Is it possible to feed the world’s current population of 8 billion people without synthetic nitrogen fixation? Although it’s more common to frame the organic/conventional agriculture debate as being about chemical fertilizers in general, the main controversy is about nitrogen. Nitrogen is different from the other mineral element used as fertilizers, which are derived from rock formations. All nitrogen on earth comes, originally, from the atmosphere, which is 78 percent nitrogen. Atmospheric nitrogen is chemically inert—held together with a powerful triple bond, one of the strongest chemical bonds in nature. In order for plants to use nitrogen to build amino acids and proteins, it first needs to be fixed into a plant-available form—ammonium or nitrate. And plants can’t fix their own nitrogen.

 

That’s where the bacteria come in. Several different species of bacteria have the ability to fix atmospheric nitrogen into ammonium. Some of them live freely in the soil, but the most productive ones can only live in a symbiotic relationship with certain plants, mostly in the legume family (Fabaceae). This fixed nitrogen is recycled from one organism to another in a very complicated cycle and eventually ends back up in the atmosphere through denitrification—another bacterial process. Nitrogen is always closely linked with organic matter, and good farmers all over the world knew that soils rich in organic matter would grow healthy plants.

 

There was no talk about a nitrogen shortage until agronomists in the late nineteenth century started encouraging farmers to use chemical fertilizers instead of manure.

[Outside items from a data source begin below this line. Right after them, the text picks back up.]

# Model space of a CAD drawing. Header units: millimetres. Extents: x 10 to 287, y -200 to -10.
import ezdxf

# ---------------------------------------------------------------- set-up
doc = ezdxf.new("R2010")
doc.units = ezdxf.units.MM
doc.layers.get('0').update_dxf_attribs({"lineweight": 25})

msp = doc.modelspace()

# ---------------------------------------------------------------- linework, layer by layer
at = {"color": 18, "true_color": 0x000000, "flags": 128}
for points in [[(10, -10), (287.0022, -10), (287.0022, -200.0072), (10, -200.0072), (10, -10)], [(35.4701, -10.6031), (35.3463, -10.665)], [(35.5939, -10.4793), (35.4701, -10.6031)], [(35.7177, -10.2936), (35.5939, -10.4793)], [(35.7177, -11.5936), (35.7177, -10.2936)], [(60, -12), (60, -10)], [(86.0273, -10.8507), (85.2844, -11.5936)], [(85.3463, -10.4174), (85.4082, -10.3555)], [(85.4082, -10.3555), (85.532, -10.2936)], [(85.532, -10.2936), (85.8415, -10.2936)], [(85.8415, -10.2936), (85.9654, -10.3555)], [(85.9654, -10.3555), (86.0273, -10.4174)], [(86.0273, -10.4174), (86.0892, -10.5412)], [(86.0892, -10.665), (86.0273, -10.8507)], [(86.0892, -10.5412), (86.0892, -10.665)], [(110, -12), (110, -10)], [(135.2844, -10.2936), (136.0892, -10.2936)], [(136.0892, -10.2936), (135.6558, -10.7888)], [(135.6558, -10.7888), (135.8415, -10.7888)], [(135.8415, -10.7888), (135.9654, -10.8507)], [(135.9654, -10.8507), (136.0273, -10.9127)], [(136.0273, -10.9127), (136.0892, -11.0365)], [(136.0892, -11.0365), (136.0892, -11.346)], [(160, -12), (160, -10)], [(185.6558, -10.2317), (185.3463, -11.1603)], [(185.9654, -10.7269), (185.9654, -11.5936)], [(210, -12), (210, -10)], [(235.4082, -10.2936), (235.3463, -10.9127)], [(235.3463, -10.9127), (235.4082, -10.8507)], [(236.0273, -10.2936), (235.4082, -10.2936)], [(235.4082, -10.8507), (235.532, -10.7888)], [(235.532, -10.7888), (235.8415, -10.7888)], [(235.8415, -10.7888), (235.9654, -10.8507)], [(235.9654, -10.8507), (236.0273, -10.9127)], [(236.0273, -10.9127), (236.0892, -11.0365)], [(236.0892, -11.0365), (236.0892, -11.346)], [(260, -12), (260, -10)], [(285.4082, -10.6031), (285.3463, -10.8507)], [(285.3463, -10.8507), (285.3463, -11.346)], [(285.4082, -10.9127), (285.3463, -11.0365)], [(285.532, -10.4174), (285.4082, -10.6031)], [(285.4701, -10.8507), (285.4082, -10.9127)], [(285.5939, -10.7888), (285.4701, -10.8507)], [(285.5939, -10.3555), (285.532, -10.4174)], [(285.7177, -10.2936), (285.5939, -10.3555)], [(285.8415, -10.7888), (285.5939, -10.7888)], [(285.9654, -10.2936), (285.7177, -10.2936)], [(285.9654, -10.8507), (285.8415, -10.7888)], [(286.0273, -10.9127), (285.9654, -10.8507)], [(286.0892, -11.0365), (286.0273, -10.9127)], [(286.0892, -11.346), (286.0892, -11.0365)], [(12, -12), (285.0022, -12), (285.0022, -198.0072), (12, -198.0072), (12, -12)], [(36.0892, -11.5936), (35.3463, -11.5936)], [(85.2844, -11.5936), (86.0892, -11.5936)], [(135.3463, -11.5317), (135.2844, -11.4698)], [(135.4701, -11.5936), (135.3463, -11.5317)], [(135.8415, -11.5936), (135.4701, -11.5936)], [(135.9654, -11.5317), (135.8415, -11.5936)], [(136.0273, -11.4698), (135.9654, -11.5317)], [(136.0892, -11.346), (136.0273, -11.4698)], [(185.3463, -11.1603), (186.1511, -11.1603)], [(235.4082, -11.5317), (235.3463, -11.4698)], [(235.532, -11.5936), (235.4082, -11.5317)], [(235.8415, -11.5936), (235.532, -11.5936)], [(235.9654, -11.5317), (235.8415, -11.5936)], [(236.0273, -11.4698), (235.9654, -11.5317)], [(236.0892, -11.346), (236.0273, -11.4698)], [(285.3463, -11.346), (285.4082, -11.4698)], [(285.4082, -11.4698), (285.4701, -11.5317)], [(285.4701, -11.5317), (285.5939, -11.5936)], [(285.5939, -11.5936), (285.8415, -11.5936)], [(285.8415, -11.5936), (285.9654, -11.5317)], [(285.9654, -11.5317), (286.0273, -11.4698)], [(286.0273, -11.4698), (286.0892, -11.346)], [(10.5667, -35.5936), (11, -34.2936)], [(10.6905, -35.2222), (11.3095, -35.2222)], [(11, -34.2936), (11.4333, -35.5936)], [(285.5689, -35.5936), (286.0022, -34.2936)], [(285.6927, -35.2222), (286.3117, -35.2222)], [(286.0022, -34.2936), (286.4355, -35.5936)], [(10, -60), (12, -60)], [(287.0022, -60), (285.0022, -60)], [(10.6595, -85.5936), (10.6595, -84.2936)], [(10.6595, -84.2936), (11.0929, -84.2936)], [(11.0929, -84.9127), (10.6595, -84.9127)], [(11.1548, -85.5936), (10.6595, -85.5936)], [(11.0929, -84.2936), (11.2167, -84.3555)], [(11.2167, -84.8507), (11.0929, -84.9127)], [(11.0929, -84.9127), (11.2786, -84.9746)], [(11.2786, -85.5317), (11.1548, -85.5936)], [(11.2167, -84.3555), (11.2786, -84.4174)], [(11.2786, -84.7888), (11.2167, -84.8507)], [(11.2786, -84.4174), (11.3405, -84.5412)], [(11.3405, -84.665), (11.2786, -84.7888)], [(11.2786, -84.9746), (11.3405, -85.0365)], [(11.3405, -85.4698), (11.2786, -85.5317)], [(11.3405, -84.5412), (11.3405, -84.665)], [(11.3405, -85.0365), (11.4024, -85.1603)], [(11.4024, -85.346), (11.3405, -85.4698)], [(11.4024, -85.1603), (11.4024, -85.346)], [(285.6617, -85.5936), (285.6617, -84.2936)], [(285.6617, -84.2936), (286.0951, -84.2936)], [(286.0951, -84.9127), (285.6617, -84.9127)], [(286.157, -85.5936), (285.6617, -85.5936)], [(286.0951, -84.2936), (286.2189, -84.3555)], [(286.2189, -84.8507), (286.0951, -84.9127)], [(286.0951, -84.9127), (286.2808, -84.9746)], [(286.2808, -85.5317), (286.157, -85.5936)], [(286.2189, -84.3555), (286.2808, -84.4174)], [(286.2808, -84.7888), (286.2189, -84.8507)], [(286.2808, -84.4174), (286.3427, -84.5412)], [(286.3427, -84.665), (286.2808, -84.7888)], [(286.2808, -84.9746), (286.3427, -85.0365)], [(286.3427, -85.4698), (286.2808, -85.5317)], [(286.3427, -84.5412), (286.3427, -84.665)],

Since nitrogen is biological in origin and is usually associated with organic matter, it was hard to find an inorganic source of fixed nitrogen. Finally, they found one—deposits of sodium nitrate in the Atacama Desert of Chile. These nitrates were fixed by free-living bacteria, and the only reason they piled up instead of being denitrified was because the climate was extremely arid. This natural oddity made it possible to separate nitrogen from organic matter for the first time in history.

 

Of course, the supply of Chilean nitrates was limited—they could never fully replace organic nitrogen sources. Sir William Crookes, the president of the British Association for the Advancement of Science, misunderstood the nature of the problem. Dismissing the biological nitrogen cycle that had supported all of life since the beginning of the world as “absolutely dependent on difficult and capricious natural phenomena,” he predicted mass starvation when the Chilean nitrates were exhausted. “The only “way out of the colossal dilemma” was for scientists to develop a mechanical and chemical way to fix atmospheric nitrogen, circumventing natural processes. “It is through the laboratory that starvation may ultimately be turned into plenty,” he predicted.

 

At face value, this sounds like a heartwarming humanitarian sentiment. But what Crookes only briefly alluded to in his speech was that the impending nitrate shortage wasn’t merely an agricultural problem. He explained that the exhaustion of the Chilean nitrates, in addition to causing “a catastrophe little short of starvation for the wheat-eaters,” might also lead to “the extinction of gunpowder!” The huge surge in demand for nitrates wasn’t just for agriculture; it was also for explosives. And while properly managed biological nitrogen fixation could provide enough nitrates for all the world’s organisms, it could never produce enough for the explosives that characterized modern warfare. Though it sounded a lot better to put the emphasis on growing food, the real push for developing synthetic nitrogen fixation was for weapons.